**** Entries supplied ****
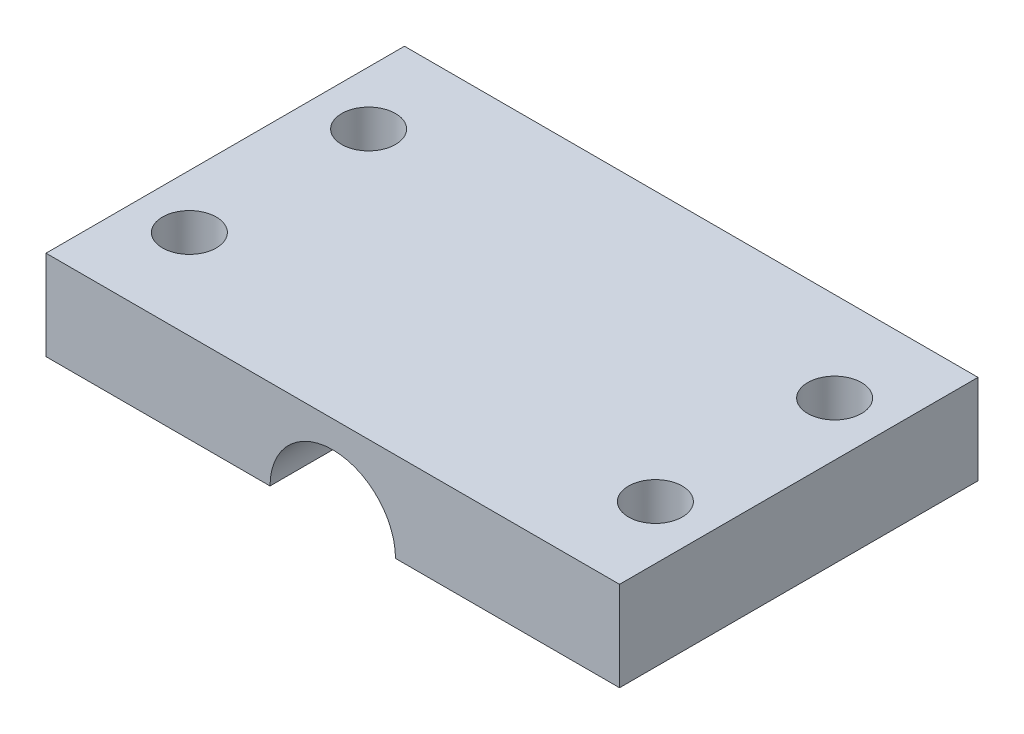
from build123d import *

# Parameters (mm, degrees)
BOSS_EXTRUDE1_DEPTH = 20
CUT_EXTRUDE1_REACH  = 36.478
SKETCH3_R           = 1.5


with BuildPart() as part:
    # Sketch1 → Boss-Extrude1 (new body)
    with BuildSketch(Plane.XY):
        with BuildLine():
            Line((8.135150199, -2.180546666), (-4.364849801, -2.180546666))
            Line((-4.364849801, -2.180546666), (-4.364849801, 2.819453334))
            Line((-4.364849801, 2.819453334), (27.635150199, 2.819453334))
            Line((27.635150199, 2.819453334), (27.635150199, -2.180546666))
            Line((27.635150199, -2.180546666), (15.135150199, -2.180546666))
            ThreePointArc((15.135150199, -2.180546666), (11.635150199, 1.319453334), (8.135150199, -2.180546666))
        make_face()
    extrude(amount=BOSS_EXTRUDE1_DEPTH)

    # Sketch3 → Cut-Extrude1 (cut, up to next)
    with BuildSketch(Plane.XZ.offset(2.180546666), mode=Mode.PRIVATE) as cut_extrude1_sk1:
        with Locations((-1.364849801, 15)):
            Circle(SKETCH3_R)
    cut_extrude1_tool1 = extrude(cut_extrude1_sk1.sketch, amount=-CUT_EXTRUDE1_REACH, mode=Mode.PRIVATE) & part.part
    # Sketch3 → Cut-Extrude1 (cut, up to next)
    with BuildSketch(Plane.XZ.offset(2.180546666), mode=Mode.PRIVATE) as cut_extrude1_sk2:
        with Locations((-1.364849801, 5)):
            Circle(SKETCH3_R)
    cut_extrude1_tool2 = extrude(cut_extrude1_sk2.sketch, amount=-CUT_EXTRUDE1_REACH, mode=Mode.PRIVATE) & part.part
    # Sketch3 → Cut-Extrude1 (cut, up to next)
    with BuildSketch(Plane.XZ.offset(2.180546666), mode=Mode.PRIVATE) as cut_extrude1_sk3:
        with Locations((24.635150199, 15)):
            Circle(SKETCH3_R)
    cut_extrude1_tool3 = extrude(cut_extrude1_sk3.sketch, amount=-CUT_EXTRUDE1_REACH, mode=Mode.PRIVATE) & part.part
    # Sketch3 → Cut-Extrude1 (cut, up to next)
    with BuildSketch(Plane.XZ.offset(2.180546666), mode=Mode.PRIVATE) as cut_extrude1_sk4:
        with Locations((24.635150199, 5)):
            Circle(SKETCH3_R)
    cut_extrude1_tool4 = extrude(cut_extrude1_sk4.sketch, amount=-CUT_EXTRUDE1_REACH, mode=Mode.PRIVATE) & part.part
    add(cut_extrude1_tool1.solids().sort_by_distance((-1.36485, -2.180547, 15))[0], mode=Mode.SUBTRACT)
    add(cut_extrude1_tool2.solids().sort_by_distance((-1.36485, -2.180547, 5))[0], mode=Mode.SUBTRACT)
    add(cut_extrude1_tool3.solids().sort_by_distance((24.63515, -2.180547, 15))[0], mode=Mode.SUBTRACT)
    add(cut_extrude1_tool4.solids().sort_by_distance((24.63515, -2.180547, 5))[0], mode=Mode.SUBTRACT)


solid = part.part
****
**What is required:**
Leave the pictures aside and output each entry exactly as it stands.

**Solved problem:**
from build123d import *

# Parameters (mm, degrees)
BOSS_EXTRUDE1_DEPTH = 20
CUT_EXTRUDE1_REACH  = 36.478
SKETCH3_R           = 1.5


with BuildPart() as part:
    # Sketch1 → Boss-Extrude1 (new body)
    with BuildSketch(Plane.XY):
        with BuildLine():
            Line((8.135150199, -2.180546666), (-4.364849801, -2.180546666))
            Line((-4.364849801, -2.180546666), (-4.364849801, 2.819453334))
            Line((-4.364849801, 2.819453334), (27.635150199, 2.819453334))
            Line((27.635150199, 2.819453334), (27.635150199, -2.180546666))
            Line((27.635150199, -2.180546666), (15.135150199, -2.180546666))
            ThreePointArc((15.135150199, -2.180546666), (11.635150199, 1.319453334), (8.135150199, -2.180546666))
        make_face()
    extrude(amount=BOSS_EXTRUDE1_DEPTH)

    # Sketch3 → Cut-Extrude1 (cut, up to next)
    with BuildSketch(Plane.XZ.offset(2.180546666), mode=Mode.PRIVATE) as cut_extrude1_sk1:
        with Locations((-1.364849801, 15)):
            Circle(SKETCH3_R)
    cut_extrude1_tool1 = extrude(cut_extrude1_sk1.sketch, amount=-CUT_EXTRUDE1_REACH, mode=Mode.PRIVATE) & part.part
    # Sketch3 → Cut-Extrude1 (cut, up to next)
    with BuildSketch(Plane.XZ.offset(2.180546666), mode=Mode.PRIVATE) as cut_extrude1_sk2:
        with Locations((-1.364849801, 5)):
            Circle(SKETCH3_R)
    cut_extrude1_tool2 = extrude(cut_extrude1_sk2.sketch, amount=-CUT_EXTRUDE1_REACH, mode=Mode.PRIVATE) & part.part
    # Sketch3 → Cut-Extrude1 (cut, up to next)
    with BuildSketch(Plane.XZ.offset(2.180546666), mode=Mode.PRIVATE) as cut_extrude1_sk3:
        with Locations((24.635150199, 15)):
            Circle(SKETCH3_R)
    cut_extrude1_tool3 = extrude(cut_extrude1_sk3.sketch, amount=-CUT_EXTRUDE1_REACH, mode=Mode.PRIVATE) & part.part
    # Sketch3 → Cut-Extrude1 (cut, up to next)
    with BuildSketch(Plane.XZ.offset(2.180546666), mode=Mode.PRIVATE) as cut_extrude1_sk4:
        with Locations((24.635150199, 5)):
            Circle(SKETCH3_R)
    cut_extrude1_tool4 = extrude(cut_extrude1_sk4.sketch, amount=-CUT_EXTRUDE1_REACH, mode=Mode.PRIVATE) & part.part
    add(cut_extrude1_tool1.solids().sort_by_distance((-1.36485, -2.180547, 15))[0], mode=Mode.SUBTRACT)
    add(cut_extrude1_tool2.solids().sort_by_distance((-1.36485, -2.180547, 5))[0], mode=Mode.SUBTRACT)
    add(cut_extrude1_tool3.solids().sort_by_distance((24.63515, -2.180547, 15))[0], mode=Mode.SUBTRACT)
    add(cut_extrude1_tool4.solids().sort_by_distance((24.63515, -2.180547, 5))[0], mode=Mode.SUBTRACT)


solid = part.part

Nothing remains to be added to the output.